La vigilance des députés est alors requise. D’autant plus qu’outre les initiatives pour la refondation, le texte budgétaire devra prévoir des dispositifs pour atténuer les répercussions du choc pétrolier engendré par la guerre au Moyen-Orient sur l’économie nationale. Mis à part le prix du carburant, il faudra aussi trouver des solutions pour atténuer la hausse des prix des produits importés, dont les engrais.
Attributions constitutionnelles
Le projet de loi modifiant celle sur la communication médiatisée et le projet de loi sur l’accès à l’information à caractère public devraient également être inscrits à l’ordre du jour de la Chambre basse durant cette session. De même pour le projet de loi relatif à la protection des lanceurs d’alerte et à la répression des représailles, dont l’objectif est de l’inscrire dans les débats parlementaires durant les soixante prochains jours.
En marge d’un événement à Mahamasina, la semaine dernière, la ministre de la Justice a indiqué, en réponse à l’interpellation de la Gen Z, qu’une poursuite judiciaire contre Andry Rajoelina est tributaire d’une mise en accusation devant la Haute Cour de justice (HCJ), votée par l’Assemblée nationale. Ceci, en raison de son statut d’ancien président de la République. Seize dossiers de mise en accusation devant la HCJ attendent le vote des députés depuis quelques années.

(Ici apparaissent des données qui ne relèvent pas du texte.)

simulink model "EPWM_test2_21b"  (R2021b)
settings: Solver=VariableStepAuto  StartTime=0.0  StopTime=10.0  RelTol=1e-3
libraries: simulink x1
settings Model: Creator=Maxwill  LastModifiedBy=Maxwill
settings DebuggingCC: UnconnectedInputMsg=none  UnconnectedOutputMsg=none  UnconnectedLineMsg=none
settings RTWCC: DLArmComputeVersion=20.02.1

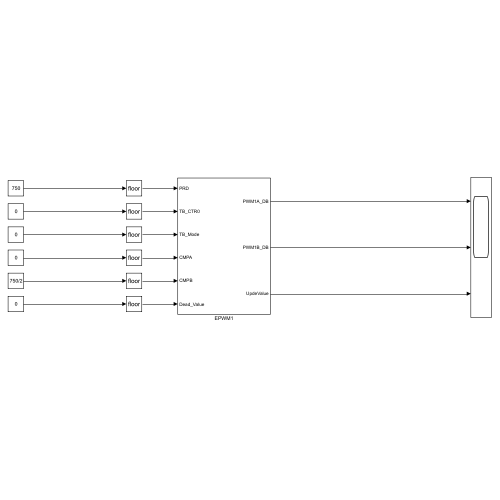
[thumbnail: Simulink's stored preview of the top-level diagram]
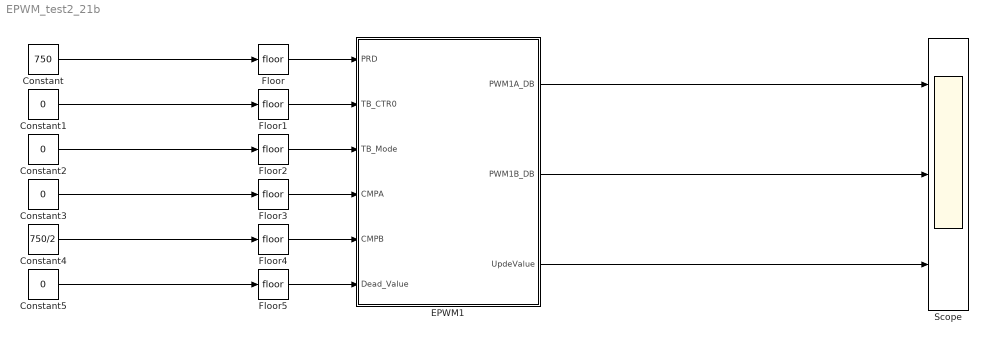
== system EPWM_test2_21b ==
  Constant : Constant  Value=750
  Constant{1..3,5} (4 alike) : Constant  Value=0
  Constant4 : Constant  Value=750/2
  EPWM1 : Subsystem
  Floor{,1..5} (6 alike) : Rounding
  Scope : Scope  NumInputPorts=3
  wires:
  Floor5/1 -> EPWM1/6(Dead_Value)
  EPWM1/1(PWM1A_DB) -> Scope/1
  Constant2/1 -> Floor2/1
  Floor/1 -> EPWM1/1(PRD)
  Constant3/1 -> Floor3/1
  Constant1/1 -> Floor1/1
  Floor3/1 -> EPWM1/4(CMPA)
  EPWM1/3(UpdeValue) -> Scope/3
  Constant/1 -> Floor/1
  Constant4/1 -> Floor4/1
  Constant5/1 -> Floor5/1
  Floor2/1 -> EPWM1/3(TB_Mode)
  Floor1/1 -> EPWM1/2(TB_CTR0)
  EPWM1/2(PWM1B_DB) -> Scope/2
  Floor4/1 -> EPWM1/5(CMPB)

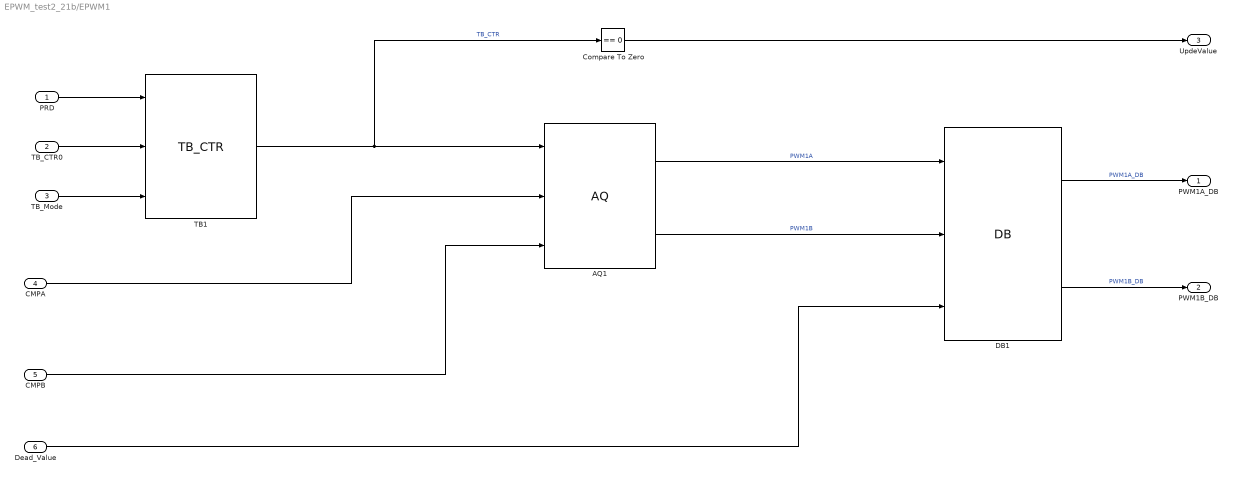
== system EPWM_test2_21b/EPWM1 ==
  PRD : Inport
  TB_CTR0 : Inport  Port=2
  TB_Mode : Inport  Port=3
  CMPA : Inport  Port=4
  CMPB : Inport  Port=5
  Dead_Value : Inport  Port=6
  AQ1 : S-Function  FunctionName=AQ  Parameters=1/(150e6)  SFunctionDeploymentMode=off  EnableBusSupport=off
      mask Display:
      | port_label('input',1,'TB_CTR');
      | port_label('input',2,'CMPA');
      | port_label('input',3,'CMPB');
      | port_label('output',1,'PWMA');
      | port_label('output',2,'PWMB');
  Compare To Zero : simulink/Logic and Bit Operations/Compare To Zero  relop===  OutDataTypeStr=boolean
  DB1 : S-Function  FunctionName=DB  Parameters=1/(150e6)  SFunctionDeploymentMode=off  EnableBusSupport=off
      mask Display:
      | port_label('input',1,'PWMA');
      | port_label('input',2,'PWMB');
      | port_label('input',3,'Dead_Value');
      | port_label('output',1,'PWMA_DB');
      | port_label('output',2,'PWMB_DB');
  TB1 : S-Function  FunctionName=TB_CTR  Parameters=1/(150e6)  SFunctionDeploymentMode=off  EnableBusSupport=off
      mask Display:
      | port_label('input',1,'PRD');
      | port_label('input',2,'TB_CTR_O');
      | port_label('input',3,'TB_Mode');
      | port_label('output',1,'TB_CTR');
  PWM1A_DB : Outport
  PWM1B_DB : Outport  Port=2
  UpdeValue : Outport  Port=3
  wires:
  CMPA/1 -> AQ1/2
  TB1/1 -> Compare To Zero/1, AQ1/1  "TB_CTR"
  CMPB/1 -> AQ1/3
  TB_CTR0/1 -> TB1/2
  TB_Mode/1 -> TB1/3
  AQ1/2 -> DB1/2  "PWM1B"
  PRD/1 -> TB1/1
  DB1/1 -> PWM1A_DB/1  "PWM1A_DB"
  AQ1/1 -> DB1/1  "PWM1A"
  DB1/2 -> PWM1B_DB/1  "PWM1B_DB"
  Dead_Value/1 -> DB1/3
  Compare To Zero/1 -> UpdeValue/1

Outre légiférer, une bonne partie de l’opinion publique attend des députés qu’ils s’appliquent également dans leur rôle de « contrôle de l’action du gouvernement et d’évaluation des politiques publiques ». Des attributions constitutionnelles sur lesquelles plusieurs estiment qu’ils ont failli jusqu’ici. Le jeu politique en place à Tsimbazaza risque de doucher les optimistes. Il y a, entre autres, le président de la Chambre basse qui se fait le porte-voix de la communication d’État.
La grande majorité des Oranges s’aligne désormais aux côtés du pouvoir de la Refondation. De l’opposition, il n’y a plus que le nom. Les fortes têtes potentielles ont été évincées de l’institution pour absentéisme ou font l’objet de poursuites judiciaires. D’autant plus que depuis quelque temps, les députés ont trouvé une ligne de front commune. La riposte à ceux qui appellent à la dissolution de l’Assemblée nationale.
Cette session parlementaire s’ouvre, par ailleurs, dans un contexte où l’institution de Tsimbazaza est vilipendée par la Gen Z et plusieurs organisations de la société civile (OSC). Dans un communiqué publié la semaine dernière, ces dernières qualifient la Chambre basse d’« institution inefficace, constituant un blocage à la refondation ».
Siteny Randrianasoloniaiko, président de l’Assemblée nationale, a répliqué aux attaques contre l’institution durant l’ouverture de la session extraordinaire, en avril. Il a indiqué qu’il en dira plus durant la cérémonie d’ouverture de demain. Cependant, au-delà des discours, ce sera par les actes, en jouant pleinement leur rôle, que les députés feront mentir leurs détracteurs.